Affinity proteomics reveals elevated muscle proteins in plasma of children with cerebral malaria

Abstract

Systemic inflammation and sequestration of parasitized erythrocytes are central processes in the pathophysiology of severe Plasmodium falciparum childhood malaria. However, it is still not understood why some children are more at risks to develop malaria complications than others. To identify human proteins in plasma related to childhood malaria syndromes, multiplex antibody suspension bead arrays were employed. Out of the 1,015 proteins analyzed in plasma from more than 700 children, 41 differed between malaria infected children and community controls, whereas 13 discriminated uncomplicated malaria from severe malaria syndromes. Markers of oxidative stress were found related to severe malaria anemia while markers of endothelial activation, platelet adhesion and muscular damage were identified in relation to children with cerebral malaria. These findings suggest the presence of generalized vascular inflammation, vascular wall modulations, activation of endothelium and unbalanced glucose metabolism in severe malaria. The increased levels of specific muscle proteins in plasma implicate potential muscle damage and microvasculature lesions during the course of cerebral malaria.

Figure 1. Overview of affinity proteomics screening and study design.

(A) Schematic overview of the affinity proteomics approach using antibody suspension bead arrays. Plasma samples were biotinylated, antibodies were coupled to color-coded magnetic beads, and both were combined for analysis. Bead identity and captured plasma proteins were then detected using a flow cytometric analyzer. (B) Experimental design of study. Initial screening with 1,132 antibodies from targeted and blinded selections was performed in the discovery cohort (n = 356). Data from the patient groups were compared using univariate tests and multivariate penalized regression models. Identified single proteins and multi-component protein panels discriminating the 3 disease groups were validated in the verification cohort (n = 363).

Figure 2. Identification of 29 human proteins discriminating community controls and malaria cases.
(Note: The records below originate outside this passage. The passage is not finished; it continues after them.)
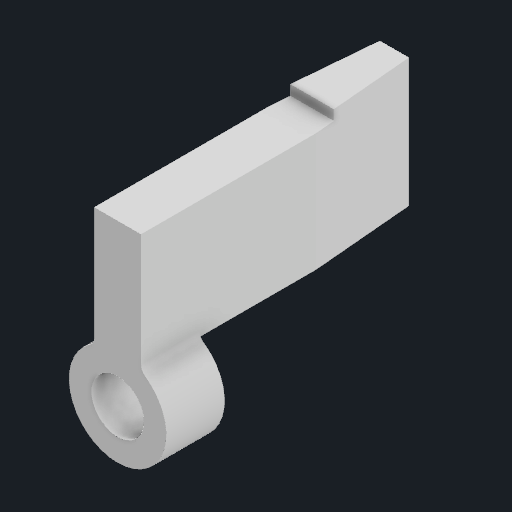
# Autodesk Inventor part: belt clip 2
Saved by Autodesk Inventor 2024.3 (Build 283343000, 343)
## iProperties
Created: 2024-09-28
Part Number: belt clip 2
Material: Generic
Document SubType Name: Modeling
Designer: MFil
Density: 1 g/cm^3
Appearance: Default
Author: MFil
Autodesk Inventor part; units mm, degrees
ref_plane "YZ Plane" through (0, 0, 0) normal (1, 0, 0) x (0, 1, 0)
ref_plane "XZ Plane" through (0, 0, 0) normal (0, 1, 0) x (-1, 0, 0)
sketch "Sketch1" plane through (0, 0, 0) normal (0, 1, 0) x (-1, 0, 0)
  line L0 (5.5341, -4.8619) -> (4.7341, -5.0029) projected
  line L1 (5.5341, -4.4619) -> (5.5341, -4.8619) projected
  line L2 (4.7341, -4) -> (5.5341, -4.4619) projected
  line L3 (4.7341, -3.0029) -> (4.7341, -4) projected
  line L4 (5.5341, -2.8619) -> (4.7341, -3.0029) projected
  line L5 (5.5341, -2.4619) -> (5.5341, -2.8619) projected
  line L6 (4.7341, -2) -> (5.5341, -2.4619) projected
  line L7 (4.7341, -1.0029) -> (4.7341, -2) projected
  line L8 (5.5341, -0.8619) -> (4.7341, -1.0029) projected
  line L9 (5.5341, -0.4619) -> (5.5341, -0.8619) projected
  line L10 (4.7341, 0) -> (5.5341, -0.4619) projected
  line L11 (10.1341, 0) -> (4.7341, 0) projected
  line L12 (9.3341, -0.4619) -> (10.1341, 0) projected
  line L13 (9.3341, -0.8619) -> (9.3341, -0.4619) projected
  line L14 (10.1341, -1.0029) -> (9.3341, -0.8619) projected
  line L15 (10.1341, -1.0029) -> (10.1341, -2) projected
  line L16 (9.3341, -2.4619) -> (10.1341, -2) projected
  line L17 (9.3341, -2.8619) -> (9.3341, -2.4619) projected
  line L18 (10.1341, -3.0029) -> (9.3341, -2.8619) projected
  line L19 (10.1341, -3.0029) -> (10.1341, -4) projected
  line L20 (9.3341, -4.4619) -> (10.1341, -4) projected
  line L21 (9.3341, -4.8619) -> (9.3341, -4.4619) projected
  line L22 (10.1341, -5.0029) -> (9.3341, -4.8619) projected
  line L23 (10.1341, -5.0029) -> (10.1341, -6) projected
  line L24 (9.3341, -6.4619) -> (10.1341, -6) projected
  line L25 (9.3341, -6.8619) -> (9.3341, -6.4619) projected
  line L26 (10.1341, -7.0029) -> (9.3341, -6.8619) projected
  line L27 (10.1341, -7.0029) -> (10.1341, -8) projected
  line L28 (9.3341, -8.4619) -> (10.1341, -8) projected
  line L29 (9.3341, -8.8619) -> (9.3341, -8.4619) projected
  line L30 (10.1336, -9.0029) -> (9.3341, -8.8619) projected
  line L31 (10.1341, -9) -> (10.1341, -10.8672) projected
  arc A0 (10.1341, -10.8672) -> (10.1663, -11.225) centre (12.1341, -10.8672) ccw projected
  line L32 (4.5189, -11.225) -> (10.1663, -11.225) projected
  arc A1 (4.5189, -11.225) -> (4.7341, -10.3226) centre (2.7341, -10.3226) ccw projected
  line L33 (4.7341, -9) -> (4.7341, -10.3226) projected
  line L34 (5.5341, -8.8619) -> (4.7346, -9.0029) projected
  line L35 (5.5341, -8.4619) -> (5.5341, -8.8619) projected
  line L36 (4.7341, -8) -> (5.5341, -8.4619) projected
  line L37 (4.7341, -7.0029) -> (4.7341, -8) projected
  line L38 (5.5341, -6.8619) -> (4.7341, -7.0029) projected
  line L39 (5.5341, -6.4619) -> (5.5341, -6.8619) projected
  line L40 (4.7341, -6) -> (5.5341, -6.4619) projected
  line L41 (4.7341, -5.0029) -> (4.7341, -6) projected
  line L42 (10.1341, 0) -> (8.6341, 0)
  line L43 (4.7341, 0) -> (6.2341, 0)
  line L44 (6.2341, 0) -> (6.2341, -6)
  line L45 (6.2341, -6) -> (8.6341, -6)
  line L46 (8.6341, -6) -> (8.6341, 0)
  line L47 (8.6341, -6) -> (8.3837, -8.8619)
  line L48 (8.6341, -6) -> (11.5069, -6) construction
  line L49 (6.2341, -6) -> (6.4845, -8.8619)
  line L50 (6.2341, -6) -> (9.1069, -6) construction
  line L51 (6.4845, -8.8619) -> (8.3837, -8.8619)
  line L52 (8.3837, -8.8619) -> (8.2259, -10.666)
  line L53 (8.2259, -10.666) -> (8.1769, -11.225)
  line L54 (6.4845, -8.8619) -> (6.6912, -11.225)
  line L55 (8.6341, 0) -> (6.2341, 0)
  line L56 (6.2341, 0) -> (6.2341, 2)
  line L57 (6.2341, 2) -> (8.6341, 2)
  line L58 (8.6341, 2) -> (8.6341, 0)
  point P0 (0, 0)
  dimension "d0" = 1.5
  dimension "d1" = 1.5
  dimension "d2" = 6
  dimension "d3" = 95
  dimension "d4" = 85
  dimension "d5" = 2
  constraints: 34 end point, 5 point on line, 4 horizontal, 4 perpendicular, 2 equal length, 2 parallel
  measures "d0" distance of L11.start L42.end
  measures "d1" distance of L10.start L43.end
  measures "d2" distance of L43.end L44.end
  measures "d3" angle of L47 L48
  measures "d4" angle of L49 L50
  measures "d5" distance of L55.end L56.end
extrude "Extrusion1" add sketch "Sketch1" against normal blind 6.6 contours L56 L57 L58 L11 | L11 L46 L45 L44 | L54 L51 L52 L53 L32 | L45 L47 L51 L49
sketch "Sketch2" plane through (-8.6341, 0, 2) normal (0, 0, 1) x (1, 0, 0)
  circle A0 centre (1.2, 2) radius 0.9
  circle A1 centre (1.2, -8.8) radius 0.9
  circle A2 centre (1.2, 2) radius 2.5
  circle A3 centre (1.2, -8.8) radius 2.5
  line L0 (0, 0) -> (2.4, 0) projected
  line L1 (0, 0) -> (0, -6.6) projected
  line L2 (2.4, -6.6) -> (0, -6.6) projected
  line L3 (2.4, 0) -> (2.4, -6.6) projected
  line L4 (2.4, 0) -> (2.4, -6.6) projected
  line L5 (2.4, -6.6) -> (2.4, -6.4)
  line L6 (2.4, -6.4) -> (2.4, -6.087)
  line L7 (0, -6.4) -> (0, -6.0348)
  circle A4 centre (2.9, -6.3282) radius 0.5
  circle A5 centre (-0.5, -6.3282) radius 0.5
  line L8 (0, 0) -> (0, -6.6) projected
  circle A6 centre (1.2, -8.8) radius 1.1 projected
  circle A7 centre (1.2, 2) radius 1.1 projected
  line L9 (3.9, 0.2) -> (3.9, -6.8) projected
  line L10 (3.9, -6.8) -> (-1.5, -6.8) projected
  line L11 (-1.5, -6.8) -> (-1.5, 0.2) projected
  line L12 (-1.5, 0.2) -> (3.9, 0.2) projected
  line L13 (-8, -25.631) -> (-8, 3.869) projected
  line L14 (8.6341, -25.631) -> (-8, -25.631) projected
  line L15 (8.6341, -25.631) -> (8.6341, 3.869) projected
  line L16 (-8, 3.869) -> (8.6341, 3.869) projected
  point P0 (8.6341, 0)
  point P1 (0, -6.3282)
  point P2 (-0.2167, -6.7401)
  point P3 (2.6167, -6.7401)
  point P4 (2.4, -6.3282)
  point P5 (2.4, -0.1932)
  point P6 (0, -0.1932)
  dimension "d16" = 5
  dimension "d17" = 5
  dimension "d19" = 0.2
  dimension "d20" = 1
  dimension "d21" = 1
  constraints: 6 centre point, 6 end point, 4 coincident, 4 point on line, 4 tangent, 2 vertical alignment, 1 concentric, 1 other
  measures "d16" diameter of A3
  measures "d17" diameter of A2
  measures "d19" distance of L2.start L5.end
  measures "d20" diameter of A4
  measures "d21" diameter of A5
ref_plane "Work Plane1" through (-16.6341, -25.631, 0) normal (0, 0, 1) x (1, 0, 0)
extrude "Extrusion3" add sketch "Sketch2" along normal blind 1 and the other way blind 2 contours A0 | A1 | A2 L12 L16 | L16 A2 | A2 L3 L0 L1 L12 | L3 L2 A3 L1 A2 | A2 L1 L0 L3 | A4 A3 L2 L3 | L1 L2 A3 A5 | A3 L10 L2 | A3 L10 | L2 A3 | A6 | A7
sketch "Sketch3" plane through (-8.6341, 0, 3) normal (0, 0, 1) x (1, 0, 0)
  circle A0 centre (1.2, -8.8) radius 0.9 projected
  circle A1 centre (1.2, 2) radius 0.9 projected
  point P0 (8.6341, 0)
fillet "Fillet1" radius 0.6 1 edges at (-6.2341, -0.1932, 1.5)
hole "Hole1" at (-7.4341, -8.8, 3) at (-7.4341, 2, 3) direction (0, 0, -1) diameter 2.7 end through all clearance for "Countersunk Flat Head Screw ISO 2009/7046" size "M2.5" standard "ISO"
sketch "Sketch4" plane through (-8.6341, 0, 3) normal (0, 0, 1) x (1, 0, 0)
  arc A0 (2.6516, -0.0354) -> (2.4, -0.5239) centre (3, -0.5239) ccw projected
  line L0 (3, -0.5239) -> (-1.7059, -0.5239)
  line L1 (-1.7059, -0.5239) -> (-1.7059, 4.8856)
  line L2 (-1.7059, 4.8856) -> (3, 4.8856)
  line L3 (3, 4.8856) -> (3, -0.5239)
  line L4 (3, -0.5239) -> (6.6824, -0.5239)
  line L5 (6.6824, -0.5239) -> (6.6824, 3.9617)
  line L6 (6.6824, 3.9617) -> (3, 3.9617)
  line L7 (3, 3.9617) -> (3, -0.5239)
  point P0 (8.6341, 0)
  constraints: 16 end point, 4 parallel, 2 horizontal, 2 perpendicular
extrude "Extrusion4" cut sketch "Sketch4" against normal blind 10
body "Solid1"
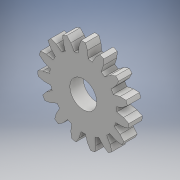
# Autodesk Inventor part: Шестерня
Saved by Autodesk Inventor 2018.1 (Build 221171000, 171)
## iProperties
Part Number: Шестерня
Material: Типовые
Document SubType Name: Modeling
Designer: Пугачева Екатерина
Density: 1 g/cm^3
Appearance: По умолчанию
Author: Пугачева Екатерина
Autodesk Inventor part; units mm, degrees
ref_plane "YZ Plane" through (0, 0, 0) normal (1, 0, 0) x (0, 1, 0)
ref_plane "XZ Plane" through (0, 0, 0) normal (0, 1, 0) x (-1, 0, 0)
ref_plane "XY Plane" through (0, 0, 0) normal (0, 0, 1) x (1, 0, 0)
sketch "Эскиз1" plane through (0, 0, 0) normal (0, 0, 1) x (1, 0, 0)
  line L0 (0, 0) -> (0, 5)
  line L1 (5, 5) -> (17, 5)
  line L2 (17, 5) -> (17, 0)
  line L3 (17, 0) -> (5, 0)
  line L4 (5, 0) -> (5, 5)
  dimension "d0" = 5
  dimension "d1" = 34
  dimension "d2" = 10
  dimension "d3" = 5
  constraints: 10 end point, 2 parallel, 1 horizontal, 1 perpendicular, 1 point on line, 1 vertical
  measures "d0" distance of L0.start L0.end
  measures "d1" diameter of L2 L0
  measures "d2" diameter of L4 L0
  measures "d3" distance of L1.end L2.end
revolve "Вращение1" add sketch "Эскиз1" angle 360 about axis through (0, 0, 0) along (0, 1, 0)
sketch "Эскиз2" plane through (0, 5, 0) normal (0, 1, 0) x (1, 0, 0)
  circle A0 centre (0, 0) radius 12.5 construction
  circle A1 centre (0, 0) radius 15 construction
  circle A2 centre (0, 0) radius 17 projected
  line L0 (-0.785, 12.4753) -> (0.785, 12.4753)
  line L1 (-0.785, 12.4753) -> (-1.57, 14.9176)
  line L2 (0.785, 12.4753) -> (1.57, 14.9176)
  line L3 (-1.57, 14.9176) -> (-2.7475, 16.7765)
  line L4 (1.57, 14.9176) -> (2.7475, 16.7765)
  dimension "d5" = 25
  dimension "d6" = 30
  dimension "d7" = 1.57
  dimension "d8" = 3.14
  dimension "d15" = 5.495
  constraints: 10 end point, 6 point on circle, 2 centre point, 2 coincident, 2 equal length, 1 horizontal
  measures "d5" diameter of A0
  measures "d6" diameter of A1
  measures "d7" distance of L0.start L0.end
  measures "d8" distance of L2.end L1.end
  measures "d15" distance of L4.end L3.end
extrude "Выдавливание1" cut sketch "Эскиз2" against normal up to next contours L4 L2 L0 L1 L3 A2 picked at (-0.2617, 14.1035)
pattern_circular "Круговой массив1" count 15 over 360 about axis through (0, -10, 0) along (0, 1, 0) of "Выдавливание1"

(A) Applying a non-parametric test, 29 human proteins were identified showing significant (adjusted p<0.001) differences between any of the four groups. Cluster analysis using self-organizing tree algorithm (SOTA) revealed four different clusters with distinct protein profiles designated as ‘malaria decreased’, ‘malaria increased’, ‘severe malaria’ and ‘cerebral malaria’ (see also Fig. S3 in Text S1). (B) Heatmap visualizing protein profiles in individual patients. Samples were organized according to group affiliation and proteins were sorted following SOTA clusters. Displayed are scaled relative intensities of each protein in each group (CC = grey, UM = green, SMA = red, CM = blue).

Figure 3. Discrimination of the three malaria disease sub-types with multi-protein signatures.

L1-penalized logistic regression models were fitted for the three two-group comparisons. The plots show the resulting ROC curves when the model included all selected proteins (black line) and only the top ones (coloured line). The area under the ROC curve (AUC) for the optimal number of proteins and the combination with the smallest number of proteins after variable selection refinement is presented adjacent to the plots. (A) For classification of UM vs SMA a 3-protein signature provided an optimal result (AUC = 0.87) (black line). (B) For classification of UM vs CM a protein signature with 23 proteins showed the best result (black line). As comparison, the AUC of the top 4 proteins (blue line) and top 10 proteins (grey line) after step-by-step removal of selected proteins is shown. CA3 = HPA021775, CA3* = HPA026700. (C) For classification of SMA vs CM a protein signature with 9 proteins showed the best result (black line). As comparison, the AUC of the top 2 proteins after step-by-step removal of selected proteins is shown (green line). (D) ROC curves for the three subgroup comparisons using their respective best protein signatures in the verification cohort, UM vs SMA (red line), UM vs CM (blue line) and SMA vs CM (green line). SAA4 was excluded from verification due to technical failure.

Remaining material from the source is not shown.